There is little transparency (and consequently reduced accountability) as to the proportion of money which actually ends up being spent on the opera artist rather than the office functions or expensive add-ons such as production video recordings. Equally, funding appeals promoted as “Opera for Everyone” with hierarchies of value such as “500 bucks for the singer, 5,000 for the cameraman and 50,000 for the video company” send a crystal clear message as to the value – literally – placed on the performer by the company.
Uncomfortably, as the artists are reliant on the gatekeeper company for future engagements and income, they have little power to complain. Especially in these lean performance times. Whilst feeding at the trough of public funds, one arts organisation manager even asked me, “What is the market rate for opera singers who cannot perform during the Covid19 pandemic?”.
Turns out I was not the first person to recognise the dreadful low-balling of our “elite” artists. The Creative New Zealand report on Sustainable Careers for Artists and Arts Practitioners expresses a similar sentiment:
“Creativity and creative work are characterised by seemingly intractable issues associated with low pay, an expectation that creative professionals will work for free or for ‘exposure’, and a lack of recognition and valuing of creative input. In addition, there are only a small number of full-time jobs available within the sector, leaving most practitioners vulnerable as contract or ‘gig economy’ workers.”
Damned straight CNZ! However, have you looked at who you are funding, and whether they actually depend on these same factors as an integral part of their business model?
I am reminded of the furore which hit London in the late ‘90s in the charity sector when investigations revealed the embarrassingly low proportion of the donated money being spent on the cause rather than administration. It caused a sector shake-up, increased transparency, and now results in published statistics. I returned home at the start of the pandemic in 2020 and began to ask questions because I was approached by opera singers distressed by the fees they were being offered. I’ve yet to see full transparency on the issue despite my persistent questioning.
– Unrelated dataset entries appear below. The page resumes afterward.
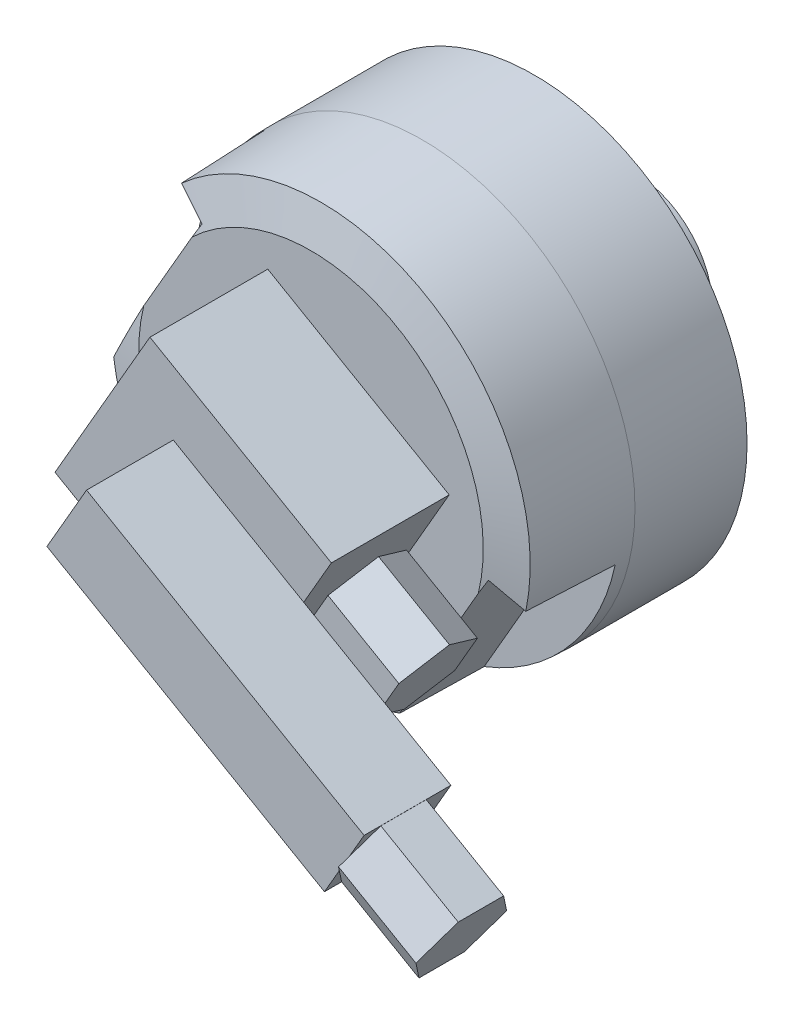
ISO-10303-21;
HEADER;
FILE_DESCRIPTION(('STEP AP214'),'2;1');
FILE_NAME('part.step','',(''),(''),'','','');
FILE_SCHEMA(('AUTOMOTIVE_DESIGN { 1 0 10303 214 1 1 1 1 }'));
ENDSEC;
DATA;
#1=APPLICATION_CONTEXT('core data for automotive mechanical design processes');
#2=APPLICATION_PROTOCOL_DEFINITION('international standard','automotive_design',2000,#1);
#3=PRODUCT_CONTEXT('',#1,'mechanical');
#4=PRODUCT('Part','Part','',(#3));
#5=PRODUCT_RELATED_PRODUCT_CATEGORY('part','',(#4));
#6=PRODUCT_DEFINITION_FORMATION('','',#4);
#7=PRODUCT_DEFINITION_CONTEXT('part definition',#1,'design');
#8=PRODUCT_DEFINITION('design','',#6,#7);
#9=PRODUCT_DEFINITION_SHAPE('','',#8);
#10=(LENGTH_UNIT() NAMED_UNIT(*) SI_UNIT(.MILLI.,.METRE.));
#11=(NAMED_UNIT(*) PLANE_ANGLE_UNIT() SI_UNIT($,.RADIAN.));
#12=(NAMED_UNIT(*) SI_UNIT($,.STERADIAN.) SOLID_ANGLE_UNIT());
#13=UNCERTAINTY_MEASURE_WITH_UNIT(LENGTH_MEASURE(1.E-05),#10,'distance_accuracy_value','');
#14=(GEOMETRIC_REPRESENTATION_CONTEXT(3) GLOBAL_UNCERTAINTY_ASSIGNED_CONTEXT((#13)) GLOBAL_UNIT_ASSIGNED_CONTEXT((#10,
#11,#12)) REPRESENTATION_CONTEXT('',''));
#15=CARTESIAN_POINT('',(0.,0.,0.));
#16=DIRECTION('',(0.,0.,1.));
#17=DIRECTION('',(1.,0.,0.));
#18=AXIS2_PLACEMENT_3D('',#15,#16,#17);
#19=CARTESIAN_POINT('',(13.2128129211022,-41.1147367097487,104.2));
#20=DIRECTION('',(-0.86602540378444,0.499999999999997,0.));
#21=DIRECTION('',(-0.499999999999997,-0.86602540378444,0.));
#22=AXIS2_PLACEMENT_3D('',#19,#20,#21);
#23=PLANE('',#22);
#24=DIRECTION('',(0.499999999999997,0.86602540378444,0.));
#25=VECTOR('',#24,1.);
#26=CARTESIAN_POINT('',(13.2128129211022,-41.1147367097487,68.2));
#27=LINE('',#26,#25);
#28=CARTESIAN_POINT('',(13.2128129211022,-41.1147367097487,68.2));
#29=VERTEX_POINT('',#28);
#30=CARTESIAN_POINT('',(42.212812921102,9.11473670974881,68.2));
#31=VERTEX_POINT('',#30);
#32=EDGE_CURVE('E372',#29,#31,#27,.T.);
#33=ORIENTED_EDGE('',*,*,#32,.T.);
#34=DIRECTION('',(0.,0.,-1.));
#35=VECTOR('',#34,1.);
#36=CARTESIAN_POINT('',(42.212812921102,9.11473670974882,104.2));
#37=LINE('',#36,#35);
#38=CARTESIAN_POINT('',(42.212812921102,9.11473670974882,104.2));
#39=VERTEX_POINT('',#38);
#40=EDGE_CURVE('E379',#39,#31,#37,.T.);
#41=ORIENTED_EDGE('',*,*,#40,.F.);
#42=DIRECTION('',(0.499999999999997,0.86602540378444,0.));
#43=VECTOR('',#42,1.);
#44=CARTESIAN_POINT('',(13.2128129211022,-41.1147367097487,104.2));
#45=LINE('',#44,#43);
#46=CARTESIAN_POINT('',(33.762812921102,-5.52109261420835,104.2));
#47=VERTEX_POINT('',#46);
#48=EDGE_CURVE('E359',#47,#39,#45,.T.);
#49=ORIENTED_EDGE('',*,*,#48,.F.);
#50=CARTESIAN_POINT('',(21.6628129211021,-26.4789073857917,104.2));
#51=VERTEX_POINT('',#50);
#52=EDGE_CURVE('E364',#51,#47,#45,.T.);
#53=ORIENTED_EDGE('',*,*,#52,.F.);
#54=CARTESIAN_POINT('',(13.2128129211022,-41.1147367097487,104.2));
#55=VERTEX_POINT('',#54);
#56=EDGE_CURVE('E360',#55,#51,#45,.T.);
#57=ORIENTED_EDGE('',*,*,#56,.F.);
#58=DIRECTION('',(0.,0.,-1.));
#59=VECTOR('',#58,1.);
#60=CARTESIAN_POINT('',(13.2128129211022,-41.1147367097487,104.2));
#61=LINE('',#60,#59);
#62=EDGE_CURVE('E382',#55,#29,#61,.T.);
#63=ORIENTED_EDGE('',*,*,#62,.T.);
#64=EDGE_LOOP('',(#33,#41,#49,#53,#57,#63));
#65=FACE_BOUND('',#64,.T.);
#66=DIRECTION('',(0.249999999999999,0.43301270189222,0.866025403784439));
#67=VECTOR('',#66,1.);
#68=CARTESIAN_POINT('',(31.1769145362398,-9.99999999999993,70.2));
#69=LINE('',#68,#67);
#70=CARTESIAN_POINT('',(31.1769145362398,-9.99999999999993,70.2));
#71=VERTEX_POINT('',#70);
#72=CARTESIAN_POINT('',(34.6410161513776,-3.99999999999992,82.2));
#73=VERTEX_POINT('',#72);
#74=EDGE_CURVE('E262',#71,#73,#69,.T.);
#75=ORIENTED_EDGE('',*,*,#74,.F.);
#76=DIRECTION('',(0.499999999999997,0.86602540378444,0.));
#77=VECTOR('',#76,1.);
#78=CARTESIAN_POINT('',(24.2487113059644,-21.9999999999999,70.2));
#79=LINE('',#78,#77);
#80=CARTESIAN_POINT('',(24.2487113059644,-21.9999999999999,70.2));
#81=VERTEX_POINT('',#80);
#82=EDGE_CURVE('E259',#81,#71,#79,.T.);
#83=ORIENTED_EDGE('',*,*,#82,.F.);
#84=DIRECTION('',(0.249999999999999,0.43301270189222,-0.866025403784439));
#85=VECTOR('',#84,1.);
#86=CARTESIAN_POINT('',(20.7846096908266,-27.9999999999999,82.2));
#87=LINE('',#86,#85);
#88=CARTESIAN_POINT('',(20.7846096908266,-27.9999999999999,82.2));
#89=VERTEX_POINT('',#88);
#90=EDGE_CURVE('E912',#89,#81,#87,.T.);
#91=ORIENTED_EDGE('',*,*,#90,.F.);
#92=DIRECTION('',(-0.249999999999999,-0.43301270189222,-0.866025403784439));
#93=VECTOR('',#92,1.);
#94=CARTESIAN_POINT('',(24.2487113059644,-21.9999999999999,94.2));
#95=LINE('',#94,#93);
#96=CARTESIAN_POINT('',(24.2487113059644,-21.9999999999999,94.2));
#97=VERTEX_POINT('',#96);
#98=EDGE_CURVE('E927',#97,#89,#95,.T.);
#99=ORIENTED_EDGE('',*,*,#98,.F.);
#100=DIRECTION('',(-0.499999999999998,-0.86602540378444,0.));
#101=VECTOR('',#100,1.);
#102=CARTESIAN_POINT('',(31.1769145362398,-9.99999999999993,94.2));
#103=LINE('',#102,#101);
#104=CARTESIAN_POINT('',(31.1769145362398,-9.99999999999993,94.2));
#105=VERTEX_POINT('',#104);
#106=EDGE_CURVE('E65',#105,#97,#103,.T.);
#107=ORIENTED_EDGE('',*,*,#106,.F.);
#108=DIRECTION('',(-0.249999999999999,-0.43301270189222,0.866025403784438));
#109=VECTOR('',#108,1.);
#110=CARTESIAN_POINT('',(34.6410161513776,-3.99999999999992,82.2));
#111=LINE('',#110,#109);
#112=EDGE_CURVE('E60',#73,#105,#111,.T.);
#113=ORIENTED_EDGE('',*,*,#112,.F.);
#114=EDGE_LOOP('',(#75,#83,#91,#99,#107,#113));
#115=FACE_BOUND('',#114,.T.);
#116=ADVANCED_FACE('F37',(#65,#115),#23,.F.);
#117=CARTESIAN_POINT('',(78.7095313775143,-31.4710926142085,130.7));
#118=DIRECTION('',(-0.866025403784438,0.500000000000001,0.));
#119=DIRECTION('',(-0.500000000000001,-0.866025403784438,0.));
#120=AXIS2_PLACEMENT_3D('',#117,#118,#119);
#121=PLANE('',#120);
#122=DIRECTION('',(-0.43301270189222,-0.75,0.499999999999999));
#123=VECTOR('',#122,1.);
#124=CARTESIAN_POINT('',(78.6595313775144,-31.5576951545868,125.528203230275));
#125=LINE('',#124,#123);
#126=CARTESIAN_POINT('',(78.6595313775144,-31.5576951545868,125.528203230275));
#127=VERTEX_POINT('',#126);
#128=CARTESIAN_POINT('',(74.1806239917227,-39.3153903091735,130.7));
#129=VERTEX_POINT('',#128);
#130=EDGE_CURVE('E265',#127,#129,#125,.T.);
#131=ORIENTED_EDGE('',*,*,#130,.F.);
#132=DIRECTION('',(0.,0.,1.));
#133=VECTOR('',#132,1.);
#134=CARTESIAN_POINT('',(78.6595313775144,-31.5576951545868,111.671796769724));
#135=LINE('',#134,#133);
#136=CARTESIAN_POINT('',(78.6595313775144,-31.5576951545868,111.671796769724));
#137=VERTEX_POINT('',#136);
#138=EDGE_CURVE('E275',#137,#127,#135,.T.);
#139=ORIENTED_EDGE('',*,*,#138,.F.);
#140=DIRECTION('',(0.43301270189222,0.75,0.5));
#141=VECTOR('',#140,1.);
#142=CARTESIAN_POINT('',(72.6595313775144,-41.9500000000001,104.743593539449));
#143=LINE('',#142,#141);
#144=CARTESIAN_POINT('',(72.6595313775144,-41.9500000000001,104.743593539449));
#145=VERTEX_POINT('',#144);
#146=EDGE_CURVE('E294',#145,#137,#143,.T.);
#147=ORIENTED_EDGE('',*,*,#146,.F.);
#148=DIRECTION('',(0.43301270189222,0.75,-0.499999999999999));
#149=VECTOR('',#148,1.);
#150=CARTESIAN_POINT('',(66.6595313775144,-52.3423048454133,111.671796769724));
#151=LINE('',#150,#149);
#152=CARTESIAN_POINT('',(66.6595313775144,-52.3423048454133,111.671796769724));
#153=VERTEX_POINT('',#152);
#154=EDGE_CURVE('E291',#153,#145,#151,.T.);
#155=ORIENTED_EDGE('',*,*,#154,.F.);
#156=DIRECTION('',(0.,0.,-1.));
#157=VECTOR('',#156,1.);
#158=CARTESIAN_POINT('',(66.6595313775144,-52.3423048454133,125.528203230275));
#159=LINE('',#158,#157);
#160=CARTESIAN_POINT('',(66.6595313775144,-52.3423048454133,125.528203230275));
#161=VERTEX_POINT('',#160);
#162=EDGE_CURVE('E288',#161,#153,#159,.T.);
#163=ORIENTED_EDGE('',*,*,#162,.F.);
#164=DIRECTION('',(-0.43301270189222,-0.75,-0.5));
#165=VECTOR('',#164,1.);
#166=CARTESIAN_POINT('',(72.6595313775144,-41.9500000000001,132.456406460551));
#167=LINE('',#166,#165);
#168=CARTESIAN_POINT('',(71.1384387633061,-44.5846096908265,130.7));
#169=VERTEX_POINT('',#168);
#170=EDGE_CURVE('E12',#169,#161,#167,.T.);
#171=ORIENTED_EDGE('',*,*,#170,.F.);
#172=DIRECTION('',(0.500000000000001,0.866025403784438,0.));
#173=VECTOR('',#172,1.);
#174=CARTESIAN_POINT('',(78.7095313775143,-31.4710926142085,130.7));
#175=LINE('',#174,#173);
#176=CARTESIAN_POINT('',(66.6095313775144,-52.4289073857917,130.7));
#177=VERTEX_POINT('',#176);
#178=EDGE_CURVE('E326',#177,#169,#175,.T.);
#179=ORIENTED_EDGE('',*,*,#178,.F.);
#180=DIRECTION('',(0.,0.,-1.));
#181=VECTOR('',#180,1.);
#182=CARTESIAN_POINT('',(66.6095313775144,-52.4289073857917,130.7));
#183=LINE('',#182,#181);
#184=CARTESIAN_POINT('',(66.6095313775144,-52.4289073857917,104.2));
#185=VERTEX_POINT('',#184);
#186=EDGE_CURVE('E343',#177,#185,#183,.T.);
#187=ORIENTED_EDGE('',*,*,#186,.T.);
#188=DIRECTION('',(0.500000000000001,0.866025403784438,0.));
#189=VECTOR('',#188,1.);
#190=CARTESIAN_POINT('',(78.7095313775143,-31.4710926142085,104.2));
#191=LINE('',#190,#189);
#192=CARTESIAN_POINT('',(78.7095313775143,-31.4710926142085,104.2));
#193=VERTEX_POINT('',#192);
#194=EDGE_CURVE('E321',#185,#193,#191,.T.);
#195=ORIENTED_EDGE('',*,*,#194,.T.);
#196=DIRECTION('',(0.,0.,-1.));
#197=VECTOR('',#196,1.);
#198=CARTESIAN_POINT('',(78.7095313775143,-31.4710926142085,130.7));
#199=LINE('',#198,#197);
#200=CARTESIAN_POINT('',(78.7095313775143,-31.4710926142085,130.7));
#201=VERTEX_POINT('',#200);
#202=EDGE_CURVE('E329',#201,#193,#199,.T.);
#203=ORIENTED_EDGE('',*,*,#202,.F.);
#204=EDGE_CURVE('E325',#129,#201,#175,.T.);
#205=ORIENTED_EDGE('',*,*,#204,.F.);
#206=EDGE_LOOP('',(#131,#139,#147,#155,#163,#171,#179,#187,#195,#203,#205));
#207=FACE_BOUND('',#206,.T.);
#208=ADVANCED_FACE('F546',(#207),#121,.F.);
#209=CARTESIAN_POINT('',(0.,0.,104.2));
#210=DIRECTION('',(0.,0.,-1.));
#211=DIRECTION('',(-1.,0.,0.));
#212=AXIS2_PLACEMENT_3D('',#209,#210,#211);
#213=PLANE('',#212);
#214=DIRECTION('',(-0.866025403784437,0.500000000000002,0.));
#215=VECTOR('',#214,1.);
#216=CARTESIAN_POINT('',(-6.07435565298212,17.4789073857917,104.2));
#217=LINE('',#216,#215);
#218=CARTESIAN_POINT('',(-6.07435565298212,17.4789073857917,104.2));
#219=VERTEX_POINT('',#218);
#220=EDGE_CURVE('E51',#47,#219,#217,.T.);
#221=ORIENTED_EDGE('',*,*,#220,.F.);
#222=ORIENTED_EDGE('',*,*,#48,.T.);
#223=DIRECTION('',(-0.86602540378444,0.499999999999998,0.));
#224=VECTOR('',#223,1.);
#225=CARTESIAN_POINT('',(-13.2128129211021,41.1147367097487,104.2));
#226=LINE('',#225,#224);
#227=CARTESIAN_POINT('',(-13.2128129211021,41.1147367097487,104.2));
#228=VERTEX_POINT('',#227);
#229=EDGE_CURVE('E363',#39,#228,#226,.T.);
#230=ORIENTED_EDGE('',*,*,#229,.T.);
#231=DIRECTION('',(-0.499999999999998,-0.86602540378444,0.));
#232=VECTOR('',#231,1.);
#233=CARTESIAN_POINT('',(-42.212812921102,-9.11473670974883,104.2));
#234=LINE('',#233,#232);
#235=CARTESIAN_POINT('',(-42.212812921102,-9.11473670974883,104.2));
#236=VERTEX_POINT('',#235);
#237=EDGE_CURVE('E353',#228,#236,#234,.T.);
#238=ORIENTED_EDGE('',*,*,#237,.T.);
#239=DIRECTION('',(0.86602540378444,-0.499999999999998,0.));
#240=VECTOR('',#239,1.);
#241=CARTESIAN_POINT('',(-42.212812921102,-9.11473670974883,104.2));
#242=LINE('',#241,#240);
#243=EDGE_CURVE('E356',#236,#55,#242,.T.);
#244=ORIENTED_EDGE('',*,*,#243,.T.);
#245=ORIENTED_EDGE('',*,*,#56,.T.);
#246=DIRECTION('',(0.866025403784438,-0.5,0.));
#247=VECTOR('',#246,1.);
#248=CARTESIAN_POINT('',(-18.1743556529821,-3.47890738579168,104.2));
#249=LINE('',#248,#247);
#250=CARTESIAN_POINT('',(-18.1743556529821,-3.47890738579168,104.2));
#251=VERTEX_POINT('',#250);
#252=EDGE_CURVE('E337',#251,#51,#249,.T.);
#253=ORIENTED_EDGE('',*,*,#252,.F.);
#254=DIRECTION('',(-0.500000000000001,-0.866025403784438,0.));
#255=VECTOR('',#254,1.);
#256=CARTESIAN_POINT('',(-6.07435565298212,17.4789073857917,104.2));
#257=LINE('',#256,#255);
#258=EDGE_CURVE('E333',#219,#251,#257,.T.);
#259=ORIENTED_EDGE('',*,*,#258,.F.);
#260=EDGE_LOOP('',(#221,#222,#230,#238,#244,#245,#253,#259));
#261=FACE_BOUND('',#260,.T.);
#262=ADVANCED_FACE('F552',(#261),#213,.F.);
#263=CARTESIAN_POINT('',(-52.61,0.,68.2));
#264=DIRECTION('',(0.,0.,-1.));
#265=DIRECTION('',(-1.,0.,0.));
#266=AXIS2_PLACEMENT_3D('',#263,#264,#265);
#267=PLANE('',#266);
#268=CARTESIAN_POINT('',(0.,0.,68.2));
#269=DIRECTION('',(0.,0.,1.));
#270=DIRECTION('',(1.,0.,0.));
#271=AXIS2_PLACEMENT_3D('',#268,#269,#270);
#272=CIRCLE('',#271,52.61);
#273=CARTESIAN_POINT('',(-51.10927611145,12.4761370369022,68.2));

Any artist in this country (from whichever discipline, be it comedy or opera) should be concerned that significant arts funding is not going to the artists but rather to those who sit at desks drawing down their government- and donor-subsidised wages. It’s time for a shake-up of the arts sector in New Zealand so that we can all see where the funding actually ends up. I challenge Creative New Zealand to take notice of its Sustainable Careers paper and spearhead the process required to “follow the money”.
A native of Ashburton, Simon O’Neill is recognised as one of the world’s finest Helden-tenors. He has appeared in leading roles at the Metropolitan Opera, the Royal Opera House Covent Garden, Teatro alla Scala, Berlin, Munich and Vienna Staatsoper, Carnegie Hall, the BBC Proms and the Edinburgh, Salzburg and Bayreuth Festivals. He is a Fulbright Scholar, an officer of the New Zealand Order of Merit, alumnus of The Juilliard School, Manhattan School of Music and University of Otago, he holds a Doctor of Music from Victoria University (Honoris Causa), Arts Foundation Laureate, and is a Grammy nominated recording artist. Simon lives in Auckland with his wife, Carmel and their three children.